Menggunakan parameter kueri dan header

Halaman ini menjelaskan cara menggunakan parameter kueri dan header Identity-Aware Proxy (IAP) untuk meningkatkan UI aplikasi atau memberikan opsi pemecahan masalah.

Parameter Kueri

Tindakan yang berbeda dapat dilakukan dengan menetapkan parameter gcp-iap-mode dalam string kueri URL. Parameter kueri ini dapat disertakan dengan jalur apa pun, bukan hanya URL root.

Mengirimkan identitas pengguna

Mengirimkan nilai parameter berikut akan menampilkan kamus JSON dengan identitas pengguna:

YOUR_APP_URL?gcp-iap-mode=IDENTITY

Parameter ini tersedia dari akun Google yang login, meskipun akun tersebut tidak memiliki akses ke aplikasi. Anda dapat membuka URL secara langsung atau mereferensikannya untuk membuat permintaan ke URL. Berikut adalah contoh nilai yang ditampilkan oleh URL:

{"email":"accounts.google.com:USER_EMAIL","sub":"accounts.google.com:118133858486581853996"}

Anda mungkin menemukan nilai ini berguna untuk mempersonalisasi aplikasi, seperti dengan menampilkan nama pengguna, mengirimkan identitas ke halaman lain, atau mengambil data penggunaan dalam log.

Menghapus login pengguna

Nilai parameter berikut menghapus cookie login IAP:

YOUR_APP_URL?gcp-iap-mode=CLEAR_LOGIN_COOKIE

Mengirimkan parameter ini akan menghapus semua cookie yang dikeluarkan IAP untuk aplikasi Anda dan mengarahkan browser ke YOUR_APP_URL. Jika browser Anda memiliki sesi yang valid dengan penyedia identitas (IdP) aplikasi Anda, login senyap mungkin terjadi jika hanya ada satu akun yang digunakan dengan IdP. Jika ada beberapa akun yang digunakan, halaman pemilihan akun akan terbuka untuk memungkinkan pengalihan profil.

Menguji verifikasi JWT

IAP membantu Anda menguji logika verifikasi JWT dengan mengirimkan JWT yang tidak valid ke halaman pengujian.

Misalnya, IAP mengirimkan JWT dengan tanda tangan yang tidak valid untuk permintaan apa pun yang berisi parameter kueri gcp-iap-mode=SECURE_TOKEN_TEST dan iap-secure-token-test-type=SIGNATURE. Logika verifikasi Anda harus menangkap tanda tangan yang tidak valid.

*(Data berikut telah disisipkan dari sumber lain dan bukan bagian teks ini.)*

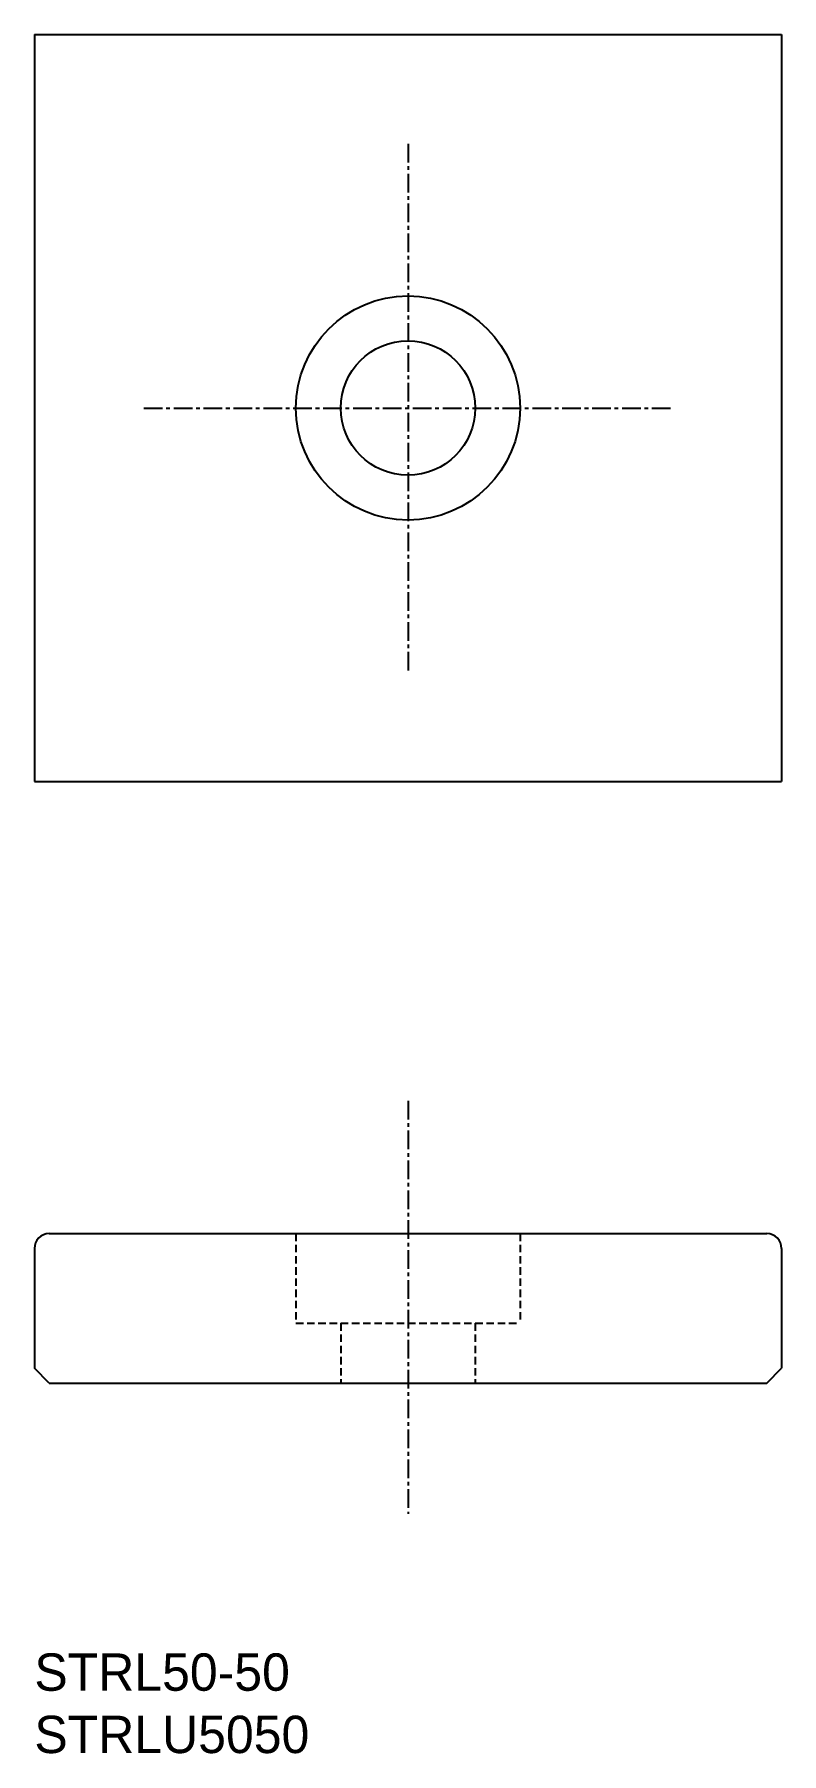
# Model space of a CAD drawing. Extents: x 10 to 60, y 10 to 125.
import ezdxf

# ---------------------------------------------------------------- set-up
doc = ezdxf.new("R2010")
doc.units = 0
doc.linetypes.add('CENTER', pattern=[2, 1.25, -0.25, 0.25, -0.25])
doc.linetypes.add('DASHED', pattern=[0.75, 0.5, -0.25])
doc.layers.get('0').update_dxf_attribs({"linetype": 'CONTINUOUS'})
doc.layers.add('CENTER', color=1, linetype='CENTER')

msp = doc.modelspace()

# ---------------------------------------------------------------- linework, layer by layer
at = {"color": 7, "linetype": 'CONTINUOUS'}
for p, q in [((10, 125), (60, 125)), ((10, 125), (10, 75)), ((60, 125), (60, 75)), ((10, 75), (60, 75)), ((10, 43.76), (10, 35.76)), ((11, 44.76), (59, 44.76)), ((60, 43.76), (60, 35.76)), ((11, 34.76), (10, 35.76)), ((59, 34.76), (60, 35.76)), ((11, 34.76), (59, 34.76))]:
    msp.add_line(p, q, dxfattribs=at)
at = {"color": 3, "linetype": 'DASHED'}
for p, q in [((27.5, 44.76), (27.5, 38.76)), ((42.5, 44.76), (42.5, 38.76)), ((27.5, 38.76), (42.5, 38.76)), ((30.5, 38.76), (30.5, 34.76)), ((39.5, 38.76), (39.5, 34.76))]:
    msp.add_line(p, q, dxfattribs=at)
at = {"color": 7, "linetype": 'CONTINUOUS'}
for radius in [7.5, 4.5]:
    msp.add_circle((35, 100), radius, dxfattribs=at)
for centre, start, end in [((11, 43.76), 90, 180), ((59, 43.76), 0, 90)]:
    msp.add_arc(centre, 1, start, end, dxfattribs=at)
at = {"layer": 'CENTER', "color": 1, "linetype": 'CENTER'}
for p, q in [((35, 117.68), (35, 82.32)), ((17.32, 100), (52.68, 100)), ((35, 53.65), (35, 26))]:
    msp.add_line(p, q, dxfattribs=at)

# ---------------------------------------------------------------- texts
at = {"color": 7, "linetype": 'CONTINUOUS'}
for s, p in [('STRL50-50', (10, 14.17)), ('STRLU5050', (10, 10))]:
    msp.add_text(s, height=2.5, dxfattribs=at).set_placement(p)

doc.saveas('drawing.dxf')

Anda dapat menguji logika verifikasi terhadap salah satu skenario berikut dengan menambahkan parameter yang sesuai ke permintaan.

Parameter Kasus pengujian
?gcp-iap-mode=SECURE_TOKEN_TEST&iap-secure-token-test-type=NOT_SET JWT yang valid.
?gcp-iap-mode=SECURE_TOKEN_TEST&iap-secure-token-test-type=FUTURE_ISSUE Tanggal penerbitan ditetapkan di masa mendatang.
?gcp-iap-mode=SECURE_TOKEN_TEST&iap-secure-token-test-type=PAST_EXPIRATION Tanggal habis masa berlaku ditetapkan di masa lalu.
?gcp-iap-mode=SECURE_TOKEN_TEST&iap-secure-token-test-type=ISSUER Penerbit salah.
?gcp-iap-mode=SECURE_TOKEN_TEST&iap-secure-token-test-type=AUDIENCE Audiens salah.
?gcp-iap-mode=SECURE_TOKEN_TEST&iap-secure-token-test-type=SIGNATURE Ditandatangani menggunakan penandatangan yang salah.

Header khusus

Mendeteksi respons dari IAP

Saat IAP membuat respons HTTP, seperti saat menolak akses (403) atau meminta autentikasi (302 atau 401), IAP akan menambahkan header respons HTTP X-Goog-IAP-Generated-Response. Dengan mendeteksi keberadaan header ini, Anda dapat melakukan tindakan seperti:

  • Membedakan antara pesan error yang dibuat oleh IAP dan pesan error yang dibuat oleh aplikasi Anda.

  • Mendeteksi kapan kredensial IAP perlu ditambahkan ke permintaan.